It sounds like the API is still:

// Package synctest provides support for testing concurrent code.
package synctest

// Run executes f in a new goroutine.
//
// The new goroutine and any goroutines transitively started by it form a group.
// Run waits for all goroutines in the group to exit before returning.
//
// Goroutines in the group use a synthetic time implementation.
// The initial time is midnight UTC 2000-01-01.
// Time advances when every goroutine is idle.
// If every goroutine is idle and there are no timers scheduled,
// Run panics.
func Run(f func())

// Wait blocks until every goroutine within the current group is idle.
//
// A goroutine is idle if it is blocked on a channel operation,
// mutex operation,
// time.Sleep,
// a select with no cases,
// or is the goroutine calling Wait.
//
// A goroutine blocked on an I/O operation, such as a read from a network connection,
// is not idle. Tests which operate on a net.Conn or similar type should use an
// in-memory implementation rather than a real network connection.
//
// The caller of Wait must be in a goroutine created by Run,
// or a goroutine transitively started by Run.
// If it is not, Wait panics.
func Wait()

Damien suggested adding also:

// Sleep pauses the current goroutine for the duration d,
// and then blocks until every goroutine in the current group is idle.
// It is identical to calling time.Sleep(d) followed by Wait.
//
// The caller of Sleep must be in a goroutine created by Run,
// or a goroutine transitively started by Run.
// If it is not, Sleep panics.
func Sleep(d time.Duration) {
	time.Sleep(d)
	Wait()
}

The difference between time.Sleep and synctest.Sleep seems subtle enough that it seems like you should have to spell out the Wait at the call sites where you need it. The only time you really need Wait is if you know someone else is waking up at that very moment. But then if they've both done the Sleep+Wait form then you still have a problem. You really only want some of the call sites (maybe just one) to use the Sleep+Wait form. I suppose that the production code will use time.Sleep since it's not importing synctest, so maybe it's clear that the test harness is the only one that will call Sleep+Wait. On the other hand, fixing a test failure by changing s/time.Sleep/synctest.Sleep/ will be a strange-looking bug fix. Better to have to add synctest.Wait instead. If we really need this, it could be synctest.SleepAndWait but that's what statements are for. Probably too subtle and should just limit the proposal to Run and Wait.

@gh2o
Copy link

gh2o commented Jun 5, 2024

Some additional suggestions for the description of the Wait() function:

// A goroutine is idle if it is blocked on a channel operation,
// mutex operation (...),
// time.Sleep,
// a select operation with or without cases,
// or is the goroutine calling Wait.
//
// A goroutine blocked on an I/O operation, such as a read from a network connection,
// is not idle. Tests which operate on a net.Conn or similar type should use an
// in-memory implementation rather than a real network connection.
//
// A goroutine blocked on a direct syscall (via the syscall package) is also not idle,
// even if the syscall itself sleeps.

Additionally, for "mutex operation", let's list out the the exact operations considered for implementation/testing completeness:

  • sync.Cond.Wait()
  • sync.Mutex.Lock()
  • sync.RWMutex.Lock()
  • sync.RWMutex.RLock()
  • sync.WaitGroup.Wait()

@nightlyone
Copy link
Contributor

The API looks simple and that is excellent.

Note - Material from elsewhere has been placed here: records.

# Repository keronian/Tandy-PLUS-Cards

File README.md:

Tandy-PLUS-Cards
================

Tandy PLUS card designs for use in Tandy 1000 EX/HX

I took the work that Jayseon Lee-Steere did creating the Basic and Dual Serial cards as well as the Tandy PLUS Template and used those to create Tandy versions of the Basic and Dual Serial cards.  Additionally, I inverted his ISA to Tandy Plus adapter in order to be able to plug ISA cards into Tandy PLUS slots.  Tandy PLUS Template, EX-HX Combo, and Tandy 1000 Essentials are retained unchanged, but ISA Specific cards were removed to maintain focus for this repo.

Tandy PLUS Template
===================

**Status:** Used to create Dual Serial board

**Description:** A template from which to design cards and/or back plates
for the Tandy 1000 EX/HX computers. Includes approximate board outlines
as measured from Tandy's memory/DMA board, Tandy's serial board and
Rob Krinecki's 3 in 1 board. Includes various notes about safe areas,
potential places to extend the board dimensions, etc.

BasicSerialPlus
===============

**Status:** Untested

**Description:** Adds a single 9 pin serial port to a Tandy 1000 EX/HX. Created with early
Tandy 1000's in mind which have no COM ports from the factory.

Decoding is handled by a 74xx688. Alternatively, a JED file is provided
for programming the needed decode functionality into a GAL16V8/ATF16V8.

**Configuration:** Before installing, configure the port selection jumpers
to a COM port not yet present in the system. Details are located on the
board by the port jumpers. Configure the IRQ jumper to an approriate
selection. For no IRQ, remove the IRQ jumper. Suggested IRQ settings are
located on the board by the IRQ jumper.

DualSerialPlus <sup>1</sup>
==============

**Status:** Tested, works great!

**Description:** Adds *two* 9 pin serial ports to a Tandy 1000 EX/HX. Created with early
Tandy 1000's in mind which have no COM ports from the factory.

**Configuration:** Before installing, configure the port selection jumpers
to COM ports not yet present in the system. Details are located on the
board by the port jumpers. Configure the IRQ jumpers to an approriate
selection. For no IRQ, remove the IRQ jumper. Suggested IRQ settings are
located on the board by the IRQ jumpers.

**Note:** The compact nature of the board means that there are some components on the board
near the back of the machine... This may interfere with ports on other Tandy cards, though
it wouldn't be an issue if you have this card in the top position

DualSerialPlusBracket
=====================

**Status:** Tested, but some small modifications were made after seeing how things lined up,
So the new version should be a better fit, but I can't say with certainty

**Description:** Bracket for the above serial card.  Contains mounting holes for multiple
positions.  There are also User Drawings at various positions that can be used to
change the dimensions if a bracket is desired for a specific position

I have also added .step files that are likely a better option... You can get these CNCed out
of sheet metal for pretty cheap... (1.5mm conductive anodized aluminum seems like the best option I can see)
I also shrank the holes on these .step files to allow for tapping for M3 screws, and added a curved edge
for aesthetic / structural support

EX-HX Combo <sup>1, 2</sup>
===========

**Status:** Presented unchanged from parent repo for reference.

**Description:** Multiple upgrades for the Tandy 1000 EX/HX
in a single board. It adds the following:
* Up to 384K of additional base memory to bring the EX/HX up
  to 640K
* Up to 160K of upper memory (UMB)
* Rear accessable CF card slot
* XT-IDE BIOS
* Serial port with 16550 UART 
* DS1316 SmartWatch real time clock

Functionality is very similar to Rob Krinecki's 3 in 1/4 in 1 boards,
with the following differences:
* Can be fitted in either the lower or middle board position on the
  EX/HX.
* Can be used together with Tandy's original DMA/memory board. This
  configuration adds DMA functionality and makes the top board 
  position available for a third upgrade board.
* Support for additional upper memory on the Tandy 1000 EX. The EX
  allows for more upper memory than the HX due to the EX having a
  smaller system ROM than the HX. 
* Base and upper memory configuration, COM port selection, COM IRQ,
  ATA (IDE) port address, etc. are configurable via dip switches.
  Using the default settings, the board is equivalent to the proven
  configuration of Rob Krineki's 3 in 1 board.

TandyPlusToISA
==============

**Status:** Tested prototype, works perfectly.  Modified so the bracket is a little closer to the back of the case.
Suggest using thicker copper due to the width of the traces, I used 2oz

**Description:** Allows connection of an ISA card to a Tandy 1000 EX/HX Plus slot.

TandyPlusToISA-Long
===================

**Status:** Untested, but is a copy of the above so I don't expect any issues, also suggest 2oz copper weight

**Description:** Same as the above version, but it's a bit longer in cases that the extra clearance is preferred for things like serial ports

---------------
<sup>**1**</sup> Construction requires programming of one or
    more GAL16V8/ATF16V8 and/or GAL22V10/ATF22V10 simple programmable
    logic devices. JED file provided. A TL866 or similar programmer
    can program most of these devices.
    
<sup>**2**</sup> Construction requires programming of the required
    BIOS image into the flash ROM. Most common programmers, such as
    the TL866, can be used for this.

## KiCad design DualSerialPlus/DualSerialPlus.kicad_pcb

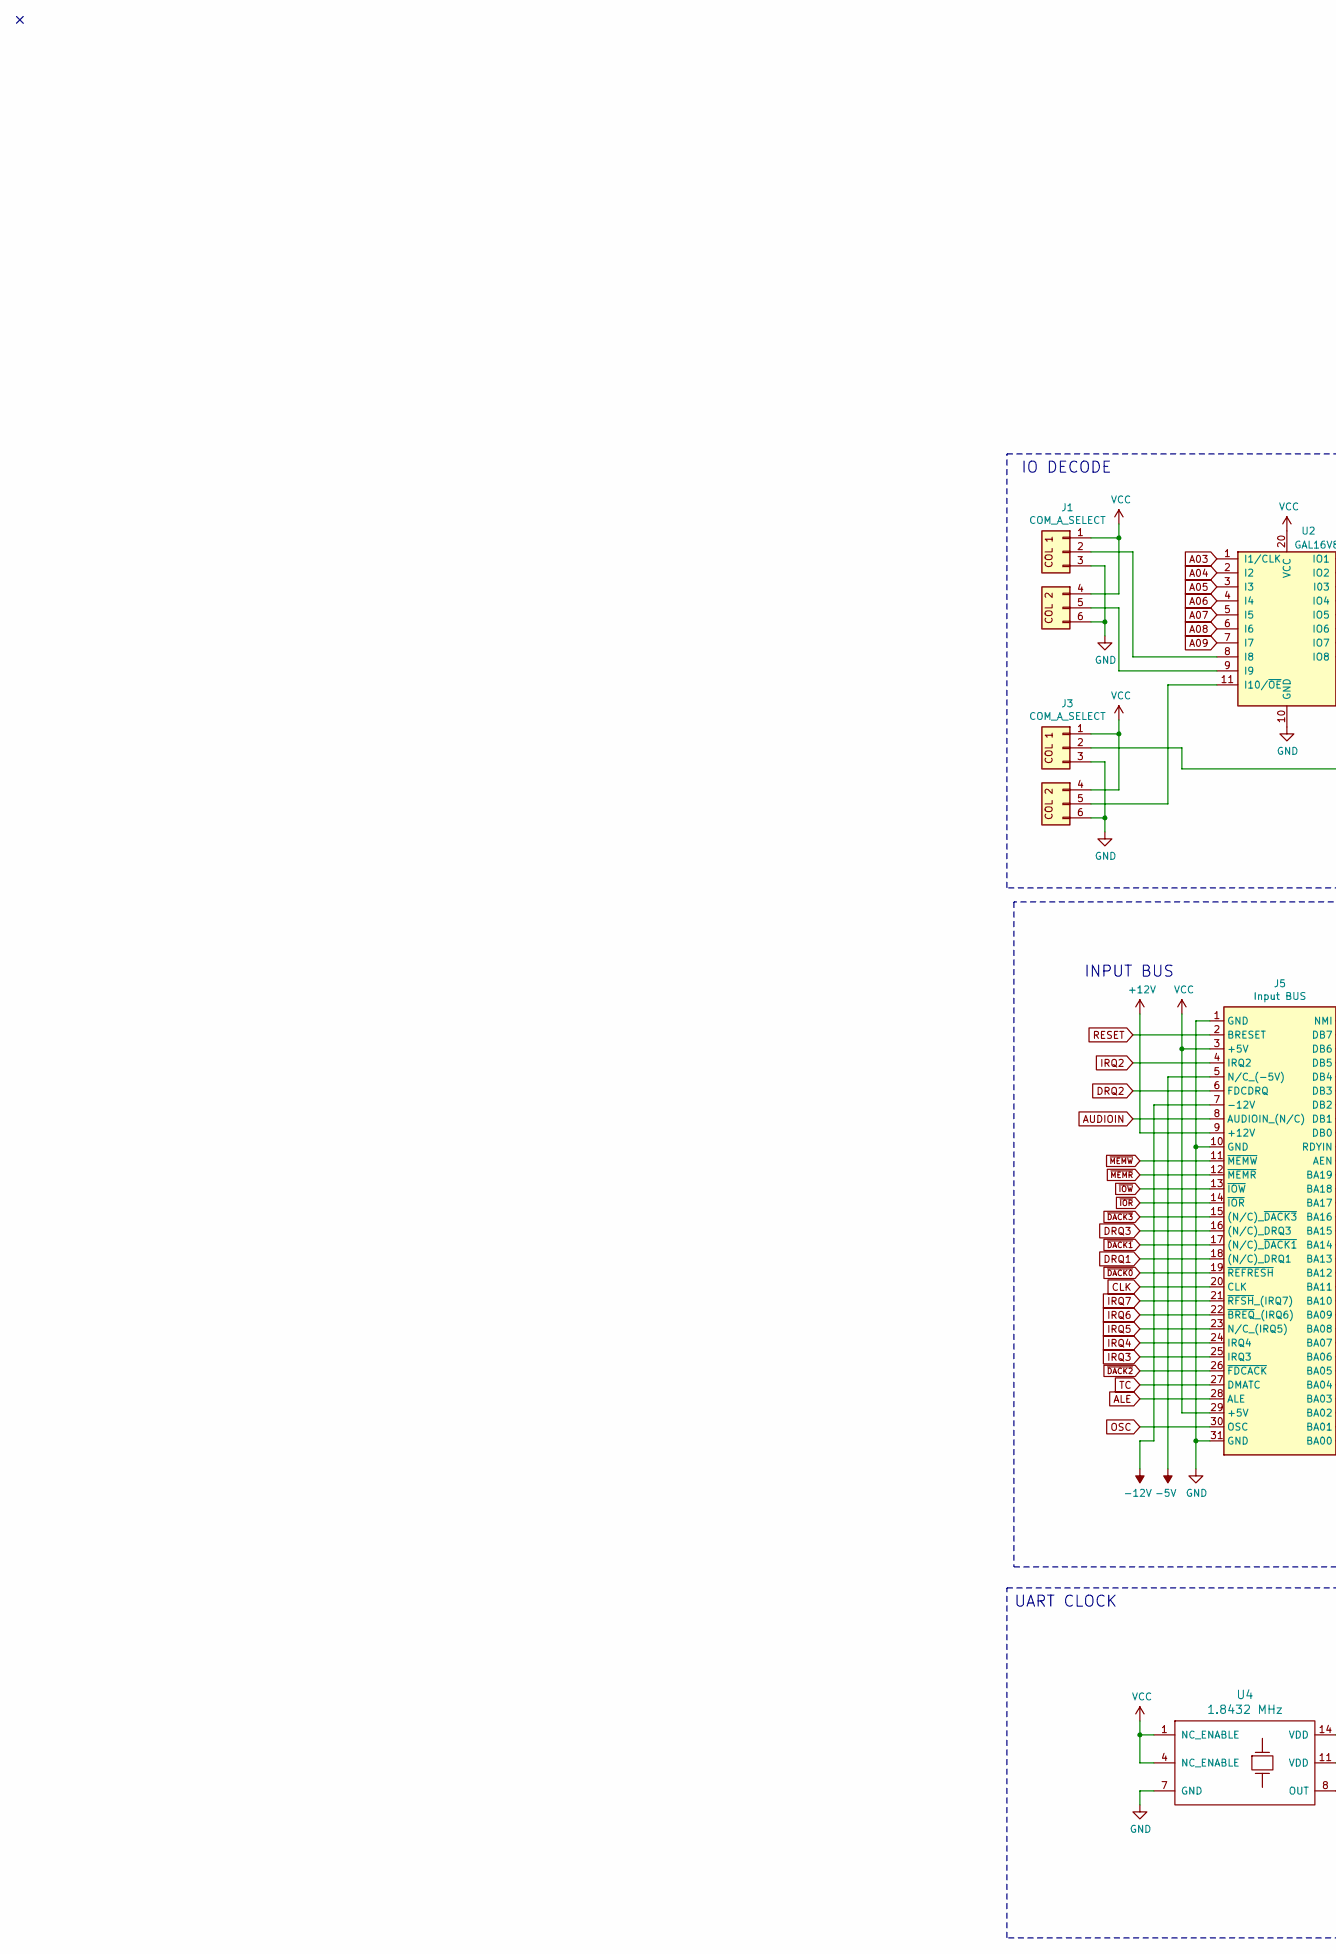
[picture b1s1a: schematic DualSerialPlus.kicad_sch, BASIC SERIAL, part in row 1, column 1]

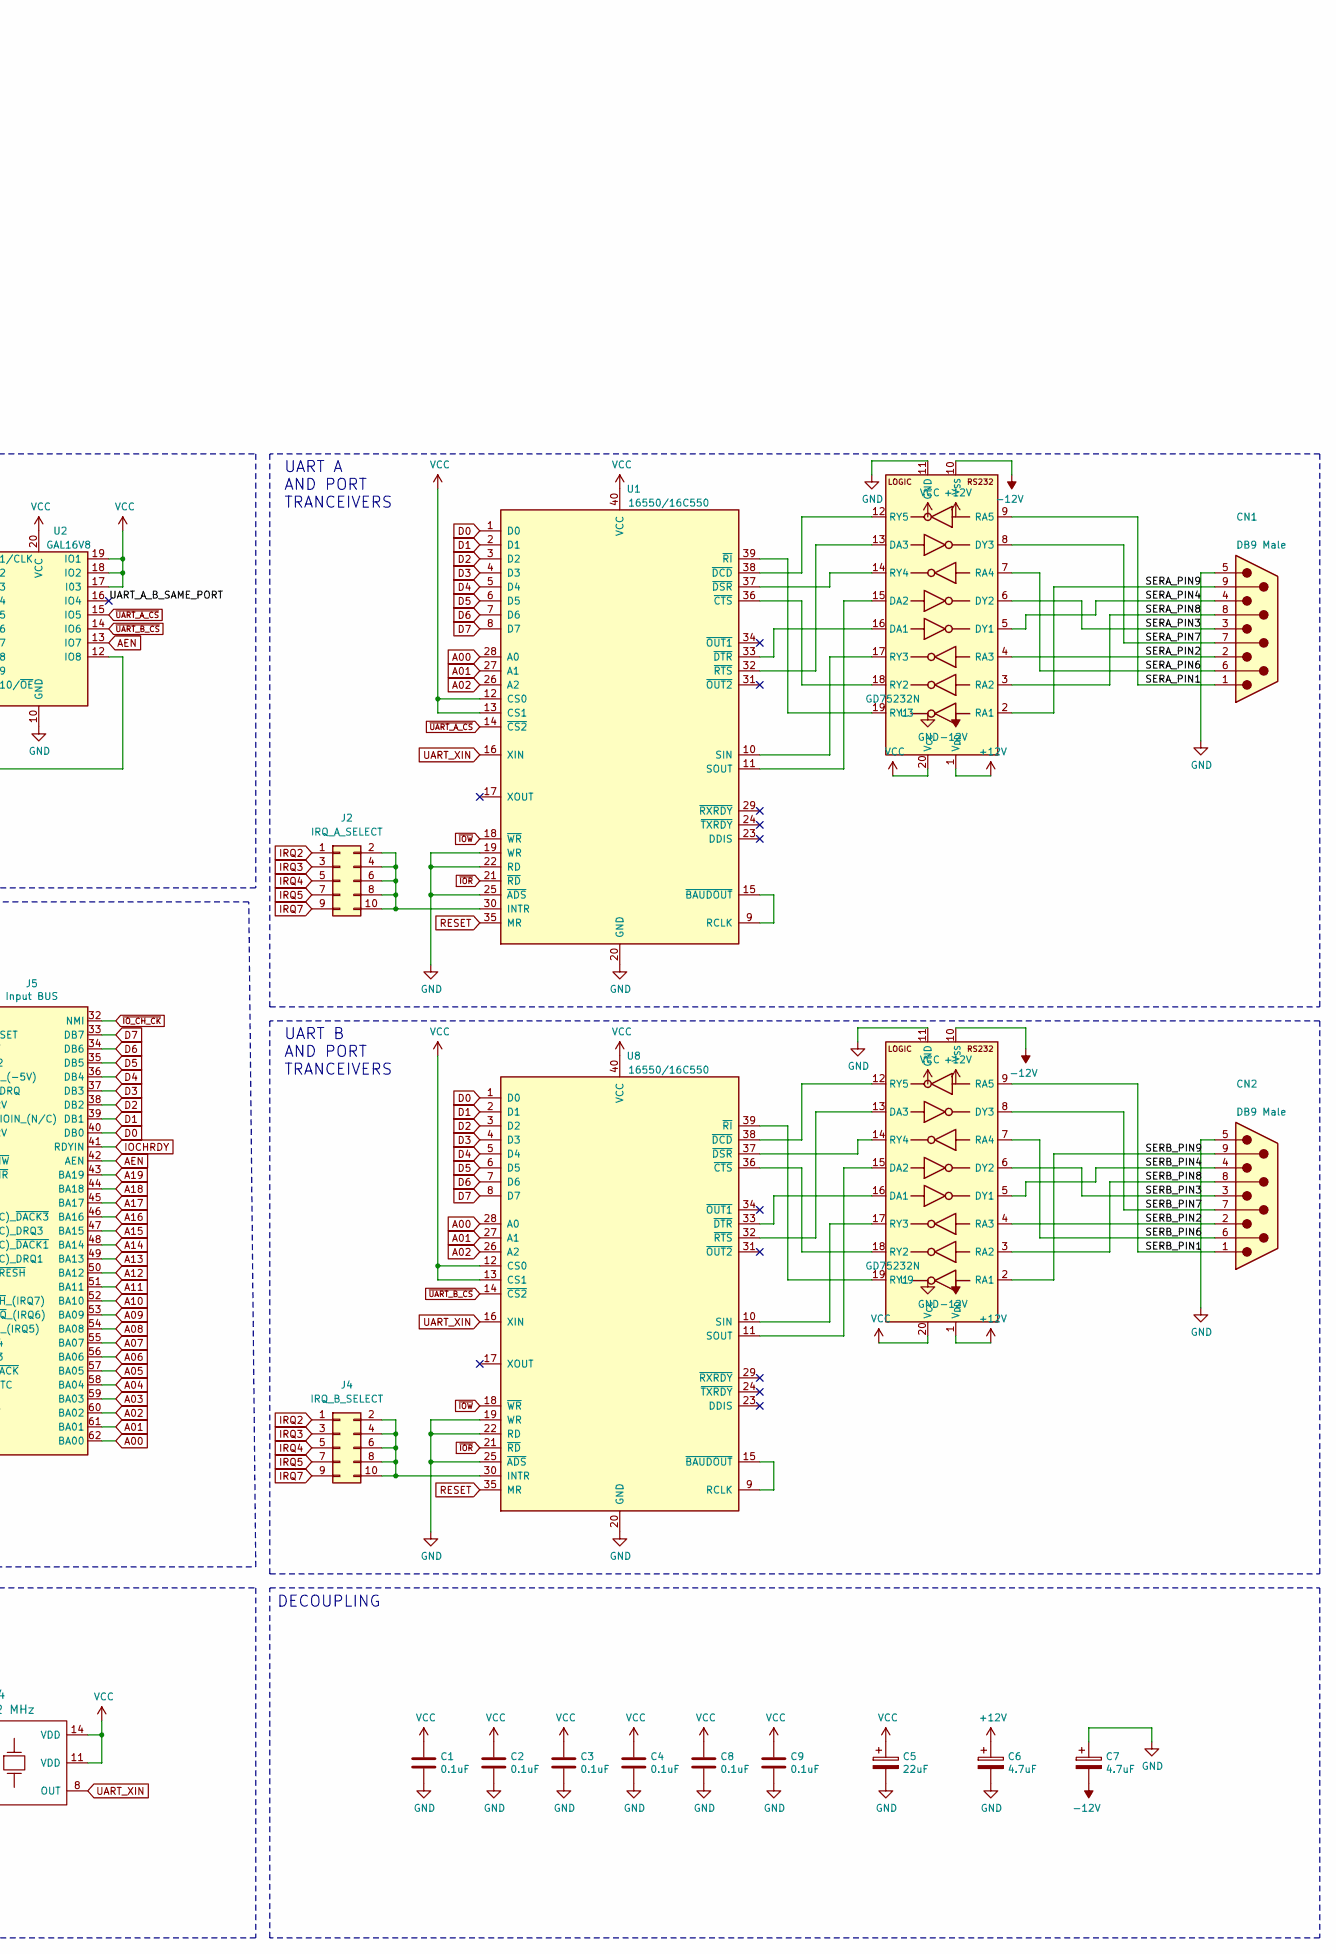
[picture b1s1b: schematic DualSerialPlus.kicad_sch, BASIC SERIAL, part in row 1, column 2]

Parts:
C1, C2, C3, C4, C8, C9: 0.1uF; C_Disc_D5.1mm_W3.2mm_P5.00mm
C5: 22uF; CP_Radial_D7.5mm_P2.50mm
C6, C7: 4.7uF; CP_Radial_D7.5mm_P2.50mm
CN1, CN2: DB9 Male; DB_9M
J1, J3: COM_A_SELECT; PinHeader_3x02_P2.54mm_Vertical
J2: IRQ_A_SELECT; PinHeader_2x05_P2.54mm_Vertical
J4: IRQ_B_SELECT; PinHeader_2x05_P2.54mm_Vertical
J5: Input BUS; TandyPlusSocket
U1, U8: 16550/16C550; DIP-40_W15.24mm_Socket
U2: GAL16V8; DIP-20_W7.62mm_Socket
U3, U9: GD75232N; DIP-20_W7.62mm_Socket
U4: 1.8432 MHz; Crystal_DIP8_DIP14

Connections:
+12V: C6.1, J5.9 (+12V), U3.1 (V_{DD}), U9.1 (V_{DD})
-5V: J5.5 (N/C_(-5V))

What I am worried about is the unexpected failure modes, leading to undetected regressions, which might need tight support in the testing package to detect.

Imagine you unit test your code but are unable to mock out a dependency. Maybe due to lack of experience or bad design of existing code I have to work with.

That dependency that suddenly starts calling a syscall (e.g. to lazily try to tune the library using a sync.Once instead of on init time and having a timeout).

Without support in testing you will never detect that now and only your tests will suddenly time out after an innocent minor dependency update.

@nightlyone
Copy link
Contributor

May I ortgogonally to the previous comment suggest to limit this package to standard library only to gather more experience with that approach before ?

That would also allow to sketch out integration with the testing package in addition to finding more pitfalls.

@neild
Copy link
Contributor Author

neild commented Jun 6, 2024

What I am worried about is the unexpected failure modes, leading to undetected regressions, which might need tight support in the testing package to detect.

Can you expand more on what you mean by undetected regressions?

If the code under test (either directly, or through a dependency) unexpectedly calls a blocking syscall, Wait will wait for that syscall to complete before proceeding. If the syscall completes normally (the code is using os/exec to execute a subprocess, for example), then everything should operate as expected--the operation completes and the test proceeds. If the syscall is waiting on some event (reading from a network socket, perhaps), then the test will hang, which is a detectable event. You can look at goroutine stacks from the timed-out test to analyze the reason for the hang.

Without support in testing

What kind of support are you thinking of?

@ChrisHines
Copy link
Contributor

What does this do?

func TestWait(t *testing.T) {
    synctest.Run(func() {
        synctest.Wait()
    })
}

Does it succeed or panic? It's not clear to me from the API docs because:

If every goroutine is idle and there are no timers scheduled, Run panics.

A goroutine is idle if it [...] is the goroutine calling Wait.

This is obviously a degenerate case, but I think it also applies if a test wanted to get the fake time features when testing otherwise non-concurrent code.

@gh2o
Copy link

gh2o commented Jun 6, 2024

What does this do?

func TestWait(t *testing.T) {
    synctest.Run(func() {
        synctest.Wait()
    })
}

In this case, the goroutine calling synctest.Wait() should never enter idle because there's nothing to wait for, and hence a panic should not occur.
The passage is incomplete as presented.